• **Work to complete**:
Of all the entries below, only the lines from the one with "line L3 (-240, 182)" up to and including the one with "line L11 (-116, 125.9999) -> (-132, 126)" are to be duplicated exactly.

• **Material for this exercise**:

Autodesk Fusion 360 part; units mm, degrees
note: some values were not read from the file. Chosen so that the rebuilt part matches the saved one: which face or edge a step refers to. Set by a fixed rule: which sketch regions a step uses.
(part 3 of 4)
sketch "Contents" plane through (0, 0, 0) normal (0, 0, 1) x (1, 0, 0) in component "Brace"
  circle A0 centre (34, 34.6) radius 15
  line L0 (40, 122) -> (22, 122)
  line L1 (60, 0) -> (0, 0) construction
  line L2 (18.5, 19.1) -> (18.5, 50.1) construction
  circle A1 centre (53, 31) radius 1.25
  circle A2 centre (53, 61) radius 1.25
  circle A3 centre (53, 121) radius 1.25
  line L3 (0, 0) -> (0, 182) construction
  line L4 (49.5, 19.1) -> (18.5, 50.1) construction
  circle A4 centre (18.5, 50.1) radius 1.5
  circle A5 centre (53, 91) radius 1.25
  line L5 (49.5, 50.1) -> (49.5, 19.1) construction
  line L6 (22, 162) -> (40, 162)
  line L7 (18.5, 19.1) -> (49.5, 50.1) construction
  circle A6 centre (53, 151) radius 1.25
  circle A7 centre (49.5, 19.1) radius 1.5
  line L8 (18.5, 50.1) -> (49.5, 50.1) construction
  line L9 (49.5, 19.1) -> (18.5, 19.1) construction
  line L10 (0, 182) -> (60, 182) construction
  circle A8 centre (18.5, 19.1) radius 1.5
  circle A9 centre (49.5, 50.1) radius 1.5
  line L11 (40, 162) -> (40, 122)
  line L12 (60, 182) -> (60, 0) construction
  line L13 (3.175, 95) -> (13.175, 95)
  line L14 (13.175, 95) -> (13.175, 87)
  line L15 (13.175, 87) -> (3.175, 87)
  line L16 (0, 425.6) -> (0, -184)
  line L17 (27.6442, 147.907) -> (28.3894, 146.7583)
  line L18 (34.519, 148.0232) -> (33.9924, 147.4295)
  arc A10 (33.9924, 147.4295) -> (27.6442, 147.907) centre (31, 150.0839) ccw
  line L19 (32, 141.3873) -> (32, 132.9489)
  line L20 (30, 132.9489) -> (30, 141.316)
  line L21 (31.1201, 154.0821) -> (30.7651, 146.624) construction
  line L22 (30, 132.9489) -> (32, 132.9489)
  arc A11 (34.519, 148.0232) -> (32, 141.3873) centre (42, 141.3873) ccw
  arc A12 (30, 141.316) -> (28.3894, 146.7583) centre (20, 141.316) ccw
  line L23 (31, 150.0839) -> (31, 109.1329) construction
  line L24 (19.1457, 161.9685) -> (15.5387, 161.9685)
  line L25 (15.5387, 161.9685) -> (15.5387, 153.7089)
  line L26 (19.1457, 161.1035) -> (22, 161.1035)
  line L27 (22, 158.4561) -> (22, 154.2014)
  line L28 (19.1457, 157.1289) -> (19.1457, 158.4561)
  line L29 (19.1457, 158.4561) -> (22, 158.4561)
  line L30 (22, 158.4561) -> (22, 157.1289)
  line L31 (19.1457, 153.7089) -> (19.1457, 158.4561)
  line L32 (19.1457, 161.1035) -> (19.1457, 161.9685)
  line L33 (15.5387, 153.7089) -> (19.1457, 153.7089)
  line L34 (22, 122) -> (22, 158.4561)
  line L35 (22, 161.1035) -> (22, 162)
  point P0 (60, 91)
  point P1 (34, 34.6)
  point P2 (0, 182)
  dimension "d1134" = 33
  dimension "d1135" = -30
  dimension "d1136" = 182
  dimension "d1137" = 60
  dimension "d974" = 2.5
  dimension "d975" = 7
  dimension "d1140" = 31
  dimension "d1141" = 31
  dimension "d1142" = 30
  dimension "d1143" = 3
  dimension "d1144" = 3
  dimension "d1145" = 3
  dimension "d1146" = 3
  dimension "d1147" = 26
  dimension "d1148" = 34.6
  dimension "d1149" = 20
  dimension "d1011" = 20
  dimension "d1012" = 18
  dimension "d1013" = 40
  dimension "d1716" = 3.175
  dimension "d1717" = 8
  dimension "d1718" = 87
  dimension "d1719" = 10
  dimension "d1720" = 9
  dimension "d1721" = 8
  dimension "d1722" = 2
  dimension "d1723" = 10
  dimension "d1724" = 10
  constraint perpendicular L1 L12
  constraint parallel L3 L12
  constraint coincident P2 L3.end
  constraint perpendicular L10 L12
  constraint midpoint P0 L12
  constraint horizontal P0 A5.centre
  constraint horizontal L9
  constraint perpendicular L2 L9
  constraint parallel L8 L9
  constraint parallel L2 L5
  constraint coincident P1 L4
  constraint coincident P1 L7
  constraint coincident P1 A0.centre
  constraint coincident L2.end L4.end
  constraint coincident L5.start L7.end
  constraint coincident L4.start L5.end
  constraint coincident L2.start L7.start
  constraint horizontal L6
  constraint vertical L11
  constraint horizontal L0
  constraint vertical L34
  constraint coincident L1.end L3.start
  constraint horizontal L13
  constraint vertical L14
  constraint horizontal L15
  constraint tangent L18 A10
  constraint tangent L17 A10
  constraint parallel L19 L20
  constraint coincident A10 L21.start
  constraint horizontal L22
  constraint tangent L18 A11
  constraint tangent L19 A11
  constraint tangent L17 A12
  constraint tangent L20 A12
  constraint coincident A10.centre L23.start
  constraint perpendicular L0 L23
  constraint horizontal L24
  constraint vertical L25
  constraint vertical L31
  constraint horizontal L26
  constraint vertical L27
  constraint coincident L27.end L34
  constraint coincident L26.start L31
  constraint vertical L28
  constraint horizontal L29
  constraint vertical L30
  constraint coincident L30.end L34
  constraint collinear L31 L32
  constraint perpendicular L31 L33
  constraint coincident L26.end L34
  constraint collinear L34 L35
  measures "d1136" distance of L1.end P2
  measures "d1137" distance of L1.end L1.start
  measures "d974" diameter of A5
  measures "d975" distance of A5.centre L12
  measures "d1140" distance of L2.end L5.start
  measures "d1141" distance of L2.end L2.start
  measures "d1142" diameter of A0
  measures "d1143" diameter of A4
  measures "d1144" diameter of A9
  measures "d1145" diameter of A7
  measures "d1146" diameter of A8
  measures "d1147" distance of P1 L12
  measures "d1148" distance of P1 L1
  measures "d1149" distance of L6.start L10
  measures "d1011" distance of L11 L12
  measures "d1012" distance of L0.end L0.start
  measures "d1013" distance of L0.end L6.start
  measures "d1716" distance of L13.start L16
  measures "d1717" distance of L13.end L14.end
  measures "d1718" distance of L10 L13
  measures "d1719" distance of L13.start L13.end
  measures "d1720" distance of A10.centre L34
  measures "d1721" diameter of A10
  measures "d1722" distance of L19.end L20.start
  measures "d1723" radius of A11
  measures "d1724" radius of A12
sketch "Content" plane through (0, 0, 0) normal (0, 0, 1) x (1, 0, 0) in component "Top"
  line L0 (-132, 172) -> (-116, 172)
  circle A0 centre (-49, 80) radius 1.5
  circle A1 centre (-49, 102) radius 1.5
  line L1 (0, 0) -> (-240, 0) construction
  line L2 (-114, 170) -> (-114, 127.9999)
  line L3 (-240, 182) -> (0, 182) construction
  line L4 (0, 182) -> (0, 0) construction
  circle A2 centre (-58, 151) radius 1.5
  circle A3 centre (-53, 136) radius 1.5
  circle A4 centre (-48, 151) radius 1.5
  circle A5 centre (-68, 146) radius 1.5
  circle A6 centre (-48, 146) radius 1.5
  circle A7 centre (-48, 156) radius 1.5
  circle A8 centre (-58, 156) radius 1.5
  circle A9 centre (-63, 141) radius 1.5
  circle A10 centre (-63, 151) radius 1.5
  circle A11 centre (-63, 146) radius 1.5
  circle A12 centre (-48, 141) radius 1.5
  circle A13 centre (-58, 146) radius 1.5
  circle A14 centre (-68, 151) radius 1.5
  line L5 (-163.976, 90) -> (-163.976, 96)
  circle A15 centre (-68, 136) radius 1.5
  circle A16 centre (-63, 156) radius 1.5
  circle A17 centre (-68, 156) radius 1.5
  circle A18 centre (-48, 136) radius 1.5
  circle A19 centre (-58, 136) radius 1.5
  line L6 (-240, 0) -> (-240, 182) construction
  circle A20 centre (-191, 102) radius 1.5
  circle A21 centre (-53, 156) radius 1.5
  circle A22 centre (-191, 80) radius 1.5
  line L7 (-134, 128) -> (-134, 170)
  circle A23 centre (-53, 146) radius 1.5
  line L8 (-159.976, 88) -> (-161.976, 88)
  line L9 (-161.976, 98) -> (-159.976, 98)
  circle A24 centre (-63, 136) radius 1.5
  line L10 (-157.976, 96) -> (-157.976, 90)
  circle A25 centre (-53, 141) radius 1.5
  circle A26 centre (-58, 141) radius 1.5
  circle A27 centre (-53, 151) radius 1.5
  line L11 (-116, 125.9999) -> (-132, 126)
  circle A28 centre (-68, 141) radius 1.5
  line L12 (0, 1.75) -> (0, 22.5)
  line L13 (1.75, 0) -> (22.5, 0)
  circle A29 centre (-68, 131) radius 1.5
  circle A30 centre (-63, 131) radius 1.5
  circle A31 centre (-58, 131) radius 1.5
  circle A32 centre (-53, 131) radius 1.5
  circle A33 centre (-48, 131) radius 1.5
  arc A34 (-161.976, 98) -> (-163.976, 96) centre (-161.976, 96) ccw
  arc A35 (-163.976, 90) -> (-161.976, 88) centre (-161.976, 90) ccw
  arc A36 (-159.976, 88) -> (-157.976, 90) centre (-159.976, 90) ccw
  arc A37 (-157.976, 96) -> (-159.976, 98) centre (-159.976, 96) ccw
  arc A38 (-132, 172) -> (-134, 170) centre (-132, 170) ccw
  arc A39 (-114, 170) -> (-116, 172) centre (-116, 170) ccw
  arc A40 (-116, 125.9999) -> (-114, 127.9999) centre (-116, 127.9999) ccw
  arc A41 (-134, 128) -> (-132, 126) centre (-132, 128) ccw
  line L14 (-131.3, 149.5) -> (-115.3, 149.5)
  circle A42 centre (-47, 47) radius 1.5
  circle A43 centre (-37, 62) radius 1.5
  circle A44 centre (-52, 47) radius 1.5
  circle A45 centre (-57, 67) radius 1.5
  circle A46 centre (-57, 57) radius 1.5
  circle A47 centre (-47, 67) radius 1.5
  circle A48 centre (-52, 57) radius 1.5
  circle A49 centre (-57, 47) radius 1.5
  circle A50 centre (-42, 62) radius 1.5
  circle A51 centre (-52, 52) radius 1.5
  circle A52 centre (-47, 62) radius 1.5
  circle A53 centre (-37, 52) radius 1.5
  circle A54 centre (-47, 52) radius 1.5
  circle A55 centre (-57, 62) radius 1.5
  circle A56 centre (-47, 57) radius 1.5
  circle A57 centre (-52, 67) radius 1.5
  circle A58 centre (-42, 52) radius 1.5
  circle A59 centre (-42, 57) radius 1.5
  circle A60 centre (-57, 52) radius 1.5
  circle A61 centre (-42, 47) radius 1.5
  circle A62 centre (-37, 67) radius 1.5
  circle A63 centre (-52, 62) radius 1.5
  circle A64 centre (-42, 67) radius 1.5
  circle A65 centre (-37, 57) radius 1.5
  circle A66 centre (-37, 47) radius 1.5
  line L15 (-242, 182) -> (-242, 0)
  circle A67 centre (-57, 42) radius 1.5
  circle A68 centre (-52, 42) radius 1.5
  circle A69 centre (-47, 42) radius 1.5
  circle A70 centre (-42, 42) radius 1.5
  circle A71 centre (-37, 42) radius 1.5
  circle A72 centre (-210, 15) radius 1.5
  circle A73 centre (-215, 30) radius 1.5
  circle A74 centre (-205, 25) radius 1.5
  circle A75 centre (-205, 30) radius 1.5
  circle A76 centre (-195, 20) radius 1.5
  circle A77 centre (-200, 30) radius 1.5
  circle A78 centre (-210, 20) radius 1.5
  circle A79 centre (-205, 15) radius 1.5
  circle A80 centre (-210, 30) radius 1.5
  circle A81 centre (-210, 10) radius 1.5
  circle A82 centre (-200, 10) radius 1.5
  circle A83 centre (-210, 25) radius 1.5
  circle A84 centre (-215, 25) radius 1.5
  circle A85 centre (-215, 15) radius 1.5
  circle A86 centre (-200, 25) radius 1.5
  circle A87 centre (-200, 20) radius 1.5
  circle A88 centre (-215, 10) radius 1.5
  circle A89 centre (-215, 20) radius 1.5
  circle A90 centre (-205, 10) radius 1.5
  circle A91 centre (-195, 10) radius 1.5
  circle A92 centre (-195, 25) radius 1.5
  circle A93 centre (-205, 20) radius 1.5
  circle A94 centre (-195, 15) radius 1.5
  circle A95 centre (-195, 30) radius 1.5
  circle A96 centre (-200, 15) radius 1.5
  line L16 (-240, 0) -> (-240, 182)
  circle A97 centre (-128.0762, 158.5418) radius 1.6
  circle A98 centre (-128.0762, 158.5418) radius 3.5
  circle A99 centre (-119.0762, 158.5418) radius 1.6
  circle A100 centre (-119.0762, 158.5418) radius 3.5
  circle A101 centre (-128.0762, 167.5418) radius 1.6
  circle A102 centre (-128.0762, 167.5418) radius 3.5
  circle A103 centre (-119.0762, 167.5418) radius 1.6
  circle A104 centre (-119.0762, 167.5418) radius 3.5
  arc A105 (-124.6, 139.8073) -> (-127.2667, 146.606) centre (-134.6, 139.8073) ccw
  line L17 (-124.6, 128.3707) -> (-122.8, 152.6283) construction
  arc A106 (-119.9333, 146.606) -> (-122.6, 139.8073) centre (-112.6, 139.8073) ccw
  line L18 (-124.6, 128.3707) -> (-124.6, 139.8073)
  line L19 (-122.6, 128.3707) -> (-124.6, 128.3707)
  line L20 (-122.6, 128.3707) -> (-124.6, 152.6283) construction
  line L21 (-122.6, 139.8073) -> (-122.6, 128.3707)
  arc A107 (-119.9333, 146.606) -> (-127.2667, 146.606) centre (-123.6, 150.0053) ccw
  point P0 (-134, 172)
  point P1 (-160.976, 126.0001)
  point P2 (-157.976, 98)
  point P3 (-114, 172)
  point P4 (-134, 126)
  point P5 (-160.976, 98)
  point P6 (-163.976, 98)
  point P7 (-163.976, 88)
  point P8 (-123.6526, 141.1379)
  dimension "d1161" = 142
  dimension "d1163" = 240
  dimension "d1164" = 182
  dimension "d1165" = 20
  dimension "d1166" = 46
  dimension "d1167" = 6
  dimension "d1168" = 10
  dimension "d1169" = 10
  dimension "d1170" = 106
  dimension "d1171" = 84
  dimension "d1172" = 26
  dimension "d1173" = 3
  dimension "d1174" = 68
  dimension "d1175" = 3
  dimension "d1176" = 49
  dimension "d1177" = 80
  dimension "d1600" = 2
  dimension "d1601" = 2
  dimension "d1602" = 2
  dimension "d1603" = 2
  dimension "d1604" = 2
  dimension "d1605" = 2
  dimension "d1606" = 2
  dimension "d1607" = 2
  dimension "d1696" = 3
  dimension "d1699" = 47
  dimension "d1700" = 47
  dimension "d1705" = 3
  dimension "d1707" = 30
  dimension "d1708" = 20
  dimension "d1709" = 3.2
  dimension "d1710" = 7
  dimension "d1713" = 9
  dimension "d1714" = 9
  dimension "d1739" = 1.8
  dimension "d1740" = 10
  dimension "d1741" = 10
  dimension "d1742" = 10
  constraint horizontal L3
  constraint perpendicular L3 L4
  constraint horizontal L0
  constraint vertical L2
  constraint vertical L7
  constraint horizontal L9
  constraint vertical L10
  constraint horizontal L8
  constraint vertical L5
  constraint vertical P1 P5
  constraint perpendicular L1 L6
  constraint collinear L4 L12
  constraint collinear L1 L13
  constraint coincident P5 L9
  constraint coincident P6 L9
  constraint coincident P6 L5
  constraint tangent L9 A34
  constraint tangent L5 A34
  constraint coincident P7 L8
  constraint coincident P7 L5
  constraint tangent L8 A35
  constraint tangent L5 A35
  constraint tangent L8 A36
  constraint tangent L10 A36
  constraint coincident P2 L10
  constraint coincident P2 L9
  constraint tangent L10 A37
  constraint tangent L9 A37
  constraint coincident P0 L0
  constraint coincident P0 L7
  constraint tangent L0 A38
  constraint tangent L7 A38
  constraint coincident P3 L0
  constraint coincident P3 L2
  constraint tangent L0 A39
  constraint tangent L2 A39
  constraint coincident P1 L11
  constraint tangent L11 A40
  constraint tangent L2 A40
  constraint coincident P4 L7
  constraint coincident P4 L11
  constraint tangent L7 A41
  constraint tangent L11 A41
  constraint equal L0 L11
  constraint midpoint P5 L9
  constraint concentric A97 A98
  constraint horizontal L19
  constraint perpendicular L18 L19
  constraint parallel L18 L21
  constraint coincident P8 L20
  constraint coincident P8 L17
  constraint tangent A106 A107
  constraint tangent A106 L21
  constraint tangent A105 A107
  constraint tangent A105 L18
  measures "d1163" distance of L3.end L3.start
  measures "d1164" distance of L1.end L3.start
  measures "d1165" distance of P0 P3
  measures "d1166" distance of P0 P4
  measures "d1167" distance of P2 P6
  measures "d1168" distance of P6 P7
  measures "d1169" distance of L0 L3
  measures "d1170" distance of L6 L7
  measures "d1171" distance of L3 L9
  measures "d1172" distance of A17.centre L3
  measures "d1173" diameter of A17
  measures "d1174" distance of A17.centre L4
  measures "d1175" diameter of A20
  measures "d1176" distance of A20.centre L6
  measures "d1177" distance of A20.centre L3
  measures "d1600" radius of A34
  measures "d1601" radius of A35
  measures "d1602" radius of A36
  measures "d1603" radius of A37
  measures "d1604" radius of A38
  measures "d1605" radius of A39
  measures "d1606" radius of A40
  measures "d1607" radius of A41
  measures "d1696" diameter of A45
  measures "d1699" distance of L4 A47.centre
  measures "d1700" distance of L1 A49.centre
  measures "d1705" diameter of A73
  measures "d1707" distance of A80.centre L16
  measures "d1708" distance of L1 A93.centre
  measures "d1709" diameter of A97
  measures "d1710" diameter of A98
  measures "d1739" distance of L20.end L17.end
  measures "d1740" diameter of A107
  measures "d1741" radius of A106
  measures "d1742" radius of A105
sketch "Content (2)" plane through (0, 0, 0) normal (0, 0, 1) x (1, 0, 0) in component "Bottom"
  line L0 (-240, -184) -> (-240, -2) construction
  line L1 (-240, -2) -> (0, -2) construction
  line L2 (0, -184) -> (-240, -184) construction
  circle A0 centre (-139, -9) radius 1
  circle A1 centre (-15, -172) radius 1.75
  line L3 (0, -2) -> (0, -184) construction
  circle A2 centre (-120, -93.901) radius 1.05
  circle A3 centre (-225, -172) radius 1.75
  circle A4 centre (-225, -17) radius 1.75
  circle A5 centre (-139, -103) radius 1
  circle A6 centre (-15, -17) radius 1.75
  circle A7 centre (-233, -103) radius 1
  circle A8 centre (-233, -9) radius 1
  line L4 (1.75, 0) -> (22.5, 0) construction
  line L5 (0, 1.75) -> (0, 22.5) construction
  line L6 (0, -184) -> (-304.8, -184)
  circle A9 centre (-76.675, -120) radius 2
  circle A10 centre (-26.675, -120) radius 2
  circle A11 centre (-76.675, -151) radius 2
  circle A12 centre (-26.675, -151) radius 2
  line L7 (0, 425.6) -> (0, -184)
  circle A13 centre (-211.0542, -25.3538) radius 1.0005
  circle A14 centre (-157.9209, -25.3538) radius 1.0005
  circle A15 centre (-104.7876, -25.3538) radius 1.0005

• **Written answer**:
  line L3 (-240, 182) -> (0, 182) construction
  line L4 (0, 182) -> (0, 0) construction
  circle A2 centre (-58, 151) radius 1.5
  circle A3 centre (-53, 136) radius 1.5
  circle A4 centre (-48, 151) radius 1.5
  circle A5 centre (-68, 146) radius 1.5
  circle A6 centre (-48, 146) radius 1.5
  circle A7 centre (-48, 156) radius 1.5
  circle A8 centre (-58, 156) radius 1.5
  circle A9 centre (-63, 141) radius 1.5
  circle A10 centre (-63, 151) radius 1.5
  circle A11 centre (-63, 146) radius 1.5
  circle A12 centre (-48, 141) radius 1.5
  circle A13 centre (-58, 146) radius 1.5
  circle A14 centre (-68, 151) radius 1.5
  line L5 (-163.976, 90) -> (-163.976, 96)
  circle A15 centre (-68, 136) radius 1.5
  circle A16 centre (-63, 156) radius 1.5
  circle A17 centre (-68, 156) radius 1.5
  circle A18 centre (-48, 136) radius 1.5
  circle A19 centre (-58, 136) radius 1.5
  line L6 (-240, 0) -> (-240, 182) construction
  circle A20 centre (-191, 102) radius 1.5
  circle A21 centre (-53, 156) radius 1.5
  circle A22 centre (-191, 80) radius 1.5
  line L7 (-134, 128) -> (-134, 170)
  circle A23 centre (-53, 146) radius 1.5
  line L8 (-159.976, 88) -> (-161.976, 88)
  line L9 (-161.976, 98) -> (-159.976, 98)
  circle A24 centre (-63, 136) radius 1.5
  line L10 (-157.976, 96) -> (-157.976, 90)
  circle A25 centre (-53, 141) radius 1.5
  circle A26 centre (-58, 141) radius 1.5
  circle A27 centre (-53, 151) radius 1.5
  line L11 (-116, 125.9999) -> (-132, 126)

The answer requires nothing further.